You're right, people wouldn't pay the extra money ... that's why the 12" AL is pointless.  Sure you get a faster G4 processor, but I don't think anyone buys the 12" AL book for a multimedia intensive computer.  But that's not the point.  The don't even sell the old Airport basestation at the Apple Store anymore, so why include it in *new* models.  Atleast give the buyer the option of upgrading to AE.  It's like buying a brand new car with a tape cassette.  AE and Bluetooth are just accessories ... consumers and professionals alike have cell phones / PDAs with Bluetooth that they would like to sync and would like to have a fast wireless internet connection.  But now the consumer has to go out and buy the professional model because Apple was being cheap.


----------



## kendall (Apr 22, 2003)

> _Originally posted by bjurusik _
> *You're right, people wouldn't pay the extra money ... that's why the 12" AL is pointless.  Sure you get a faster G4 processor, but I don't think anyone buys the 12" AL book for a multimedia intensive computer.  But that's not the point.  The don't even sell the old Airport basestation at the Apple Store anymore, so why include it in *new* models.  Atleast give the buyer the option of upgrading to AE.  It's like buying a brand new car with a tape cassette.  AE and Bluetooth are just accessories ... consumers and professionals alike have cell phones / PDAs with Bluetooth that they would like to sync and would like to have a fast wireless internet connection.  But now the consumer has to go out and buy the professional model because Apple was being cheap. *



But you see, people will pay $500+ when not given any other option.  Apple is not being cheap, Apple is trying to stay in business.  

Also, the iBook was not redesigned, so how do you expect them to offer AE?  It is a completely different size than the original AirPort card.

AE Base Station works with the original AirPort card so it's not a big deal.

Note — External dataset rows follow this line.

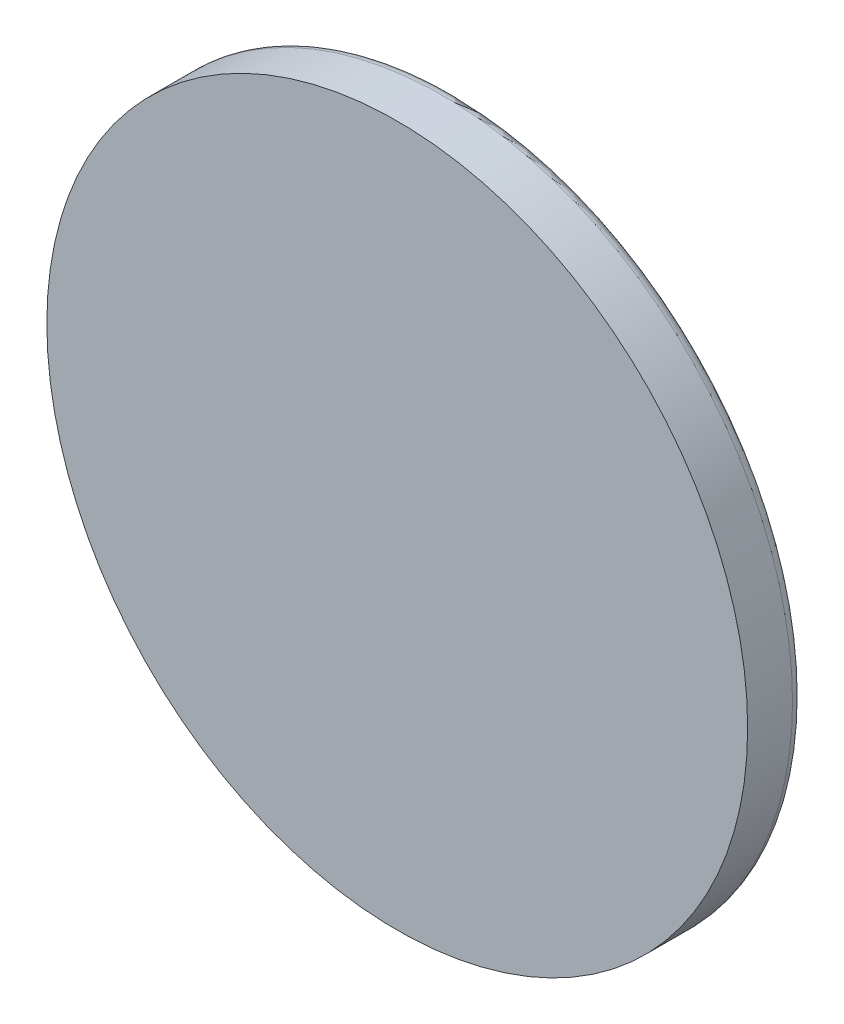
ISO-10303-21;
HEADER;
FILE_DESCRIPTION(('STEP AP214'),'2;1');
FILE_NAME('part.step','',(''),(''),'','','');
FILE_SCHEMA(('AUTOMOTIVE_DESIGN { 1 0 10303 214 1 1 1 1 }'));
ENDSEC;
DATA;
#1=APPLICATION_CONTEXT('core data for automotive mechanical design processes');
#2=APPLICATION_PROTOCOL_DEFINITION('international standard','automotive_design',2000,#1);
#3=PRODUCT_CONTEXT('',#1,'mechanical');
#4=PRODUCT('Part','Part','',(#3));
#5=PRODUCT_RELATED_PRODUCT_CATEGORY('part','',(#4));
#6=PRODUCT_DEFINITION_FORMATION('','',#4);
#7=PRODUCT_DEFINITION_CONTEXT('part definition',#1,'design');
#8=PRODUCT_DEFINITION('design','',#6,#7);
#9=PRODUCT_DEFINITION_SHAPE('','',#8);
#10=(LENGTH_UNIT() NAMED_UNIT(*) SI_UNIT(.MILLI.,.METRE.));
#11=(NAMED_UNIT(*) PLANE_ANGLE_UNIT() SI_UNIT($,.RADIAN.));
#12=(NAMED_UNIT(*) SI_UNIT($,.STERADIAN.) SOLID_ANGLE_UNIT());
#13=UNCERTAINTY_MEASURE_WITH_UNIT(LENGTH_MEASURE(1.E-05),#10,'distance_accuracy_value','');
#14=(GEOMETRIC_REPRESENTATION_CONTEXT(3) GLOBAL_UNCERTAINTY_ASSIGNED_CONTEXT((#13)) GLOBAL_UNIT_ASSIGNED_CONTEXT((#10,
#11,#12)) REPRESENTATION_CONTEXT('',''));
#15=CARTESIAN_POINT('',(0.,0.,0.));
#16=DIRECTION('',(0.,0.,1.));
#17=DIRECTION('',(1.,0.,0.));
#18=AXIS2_PLACEMENT_3D('',#15,#16,#17);
#19=CARTESIAN_POINT('',(0.,0.,0.));
#20=DIRECTION('',(0.,0.,1.));
#21=DIRECTION('',(1.,0.,0.));
#22=AXIS2_PLACEMENT_3D('',#19,#20,#21);
#23=PLANE('',#22);
#24=CARTESIAN_POINT('',(0.,0.,0.));
#25=DIRECTION('',(0.,0.,1.));
#26=DIRECTION('',(1.,0.,0.));
#27=AXIS2_PLACEMENT_3D('',#24,#25,#26);
#28=CIRCLE('',#27,6.05);
#29=CARTESIAN_POINT('',(6.05,0.,0.));
#30=VERTEX_POINT('',#29);
#31=EDGE_CURVE('E26',#30,#30,#28,.T.);
#32=ORIENTED_EDGE('',*,*,#31,.F.);
#33=EDGE_LOOP('',(#32));
#34=FACE_BOUND('',#33,.T.);
#35=ADVANCED_FACE('F15',(#34),#23,.F.);
#36=CARTESIAN_POINT('',(0.,0.,0.2));
#37=DIRECTION('',(0.,0.,-1.));
#38=DIRECTION('',(1.,0.,0.));
#39=AXIS2_PLACEMENT_3D('',#36,#37,#38);
#40=TOROIDAL_SURFACE('',#39,6.05,0.2);
#41=CARTESIAN_POINT('',(0.,0.,0.2));
#42=DIRECTION('',(0.,0.,1.));
#43=DIRECTION('',(1.,0.,0.));
#44=AXIS2_PLACEMENT_3D('',#41,#42,#43);
#45=CIRCLE('',#44,6.25);
#46=CARTESIAN_POINT('',(6.25,0.,0.2));
#47=VERTEX_POINT('',#46);
#48=EDGE_CURVE('E22',#47,#47,#45,.T.);
#49=ORIENTED_EDGE('',*,*,#48,.F.);
#50=EDGE_LOOP('',(#49));
#51=FACE_BOUND('',#50,.T.);
#52=ORIENTED_EDGE('',*,*,#31,.T.);
#53=EDGE_LOOP('',(#52));
#54=FACE_BOUND('',#53,.T.);
#55=ADVANCED_FACE('F36',(#51,#54),#40,.T.);
#56=CARTESIAN_POINT('',(0.,0.,0.));
#57=DIRECTION('',(0.,0.,1.));
#58=DIRECTION('',(1.,0.,0.));
#59=AXIS2_PLACEMENT_3D('',#56,#57,#58);
#60=CYLINDRICAL_SURFACE('',#59,6.25);
#61=CARTESIAN_POINT('',(0.,0.,1.));
#62=DIRECTION('',(0.,0.,1.));
#63=DIRECTION('',(1.,0.,0.));
#64=AXIS2_PLACEMENT_3D('',#61,#62,#63);
#65=CIRCLE('',#64,6.25);
#66=CARTESIAN_POINT('',(6.25,0.,1.));
#67=VERTEX_POINT('',#66);
#68=EDGE_CURVE('E10',#67,#67,#65,.T.);
#69=ORIENTED_EDGE('',*,*,#68,.F.);
#70=EDGE_LOOP('',(#69));
#71=FACE_BOUND('',#70,.T.);
#72=ORIENTED_EDGE('',*,*,#48,.T.);
#73=EDGE_LOOP('',(#72));
#74=FACE_BOUND('',#73,.T.);
#75=ADVANCED_FACE('F40',(#71,#74),#60,.T.);
#76=CARTESIAN_POINT('',(0.,0.,1.));
#77=DIRECTION('',(0.,0.,1.));
#78=DIRECTION('',(1.,0.,0.));
#79=AXIS2_PLACEMENT_3D('',#76,#77,#78);
#80=PLANE('',#79);
#81=ORIENTED_EDGE('',*,*,#68,.T.);
#82=EDGE_LOOP('',(#81));
#83=FACE_BOUND('',#82,.T.);
#84=ADVANCED_FACE('F64',(#83),#80,.T.);
#85=CLOSED_SHELL('',(#35,#55,#75,#84));
#86=MANIFOLD_SOLID_BREP('B1',#85);
#87=ADVANCED_BREP_SHAPE_REPRESENTATION('',(#18,#86),#14);
#88=SHAPE_DEFINITION_REPRESENTATION(#9,#87);
ENDSEC;
END-ISO-10303-21;

Nobody has a 11 or 54 Mbps internet connection so it's pretty much pointless unless you're transfering files within a home network.  Even still, 54 Mbps is terribly slow compared to a CAT5 wire and 1000 Mbps ethernet.

You want all these little goodies with your iBook but chances are, you'll never use them so what's the point?


----------



## spitty27 (Apr 22, 2003)

iBook update isnt too silent anymore...check the apple website, they annouced it on the bottom


----------



## Decado (Apr 22, 2003)

it happened today. the update, that is. of the apple store, that is.


----------



## ksv (Apr 22, 2003)

> _Originally posted by spitty27 _
> *iBook update isnt too silent anymore...check the apple website, they annouced it on the bottom *



It's always been, but new product releases are normally where FCP4 is now


----------



## bjurusik (Apr 22, 2003)

> _Originally posted by kendall _
> *But you see, people will pay $500+ when not given any other option.  Apple is not being cheap, Apple is trying to stay in business.
> 
> Also, the iBook was not redesigned, so how do you expect them to offer AE?  It is a completely different size than the original AirPort card.
> ...



Granted, but neither was the iMac redesigned, yet it has those features.  It just comes down to Apple being inconsistent along its product lines.  I'm not asking for a Super Drive equipped, 1MB L3 cache iBook, but I think if Apple wants to promote it's digital hub / simple to use computer it should include these 2 features in the iBook.  Maybe I'm asking for too much, I just think its dumb that if the iMac has it, then so should the iBook ... but who knows.


----------



## malexgreen (Apr 22, 2003)

> _Originally posted by ksv _
> *900 MHz models and new Apple Store layout
> 
> http://www.apple.com/
> ...



What's the motivation of spending an extra $20-$30 to go from a top-of-the-line ibook (that has a big HD, wireless, 14" screen, and pretty fast processor) to a 12" powerbook?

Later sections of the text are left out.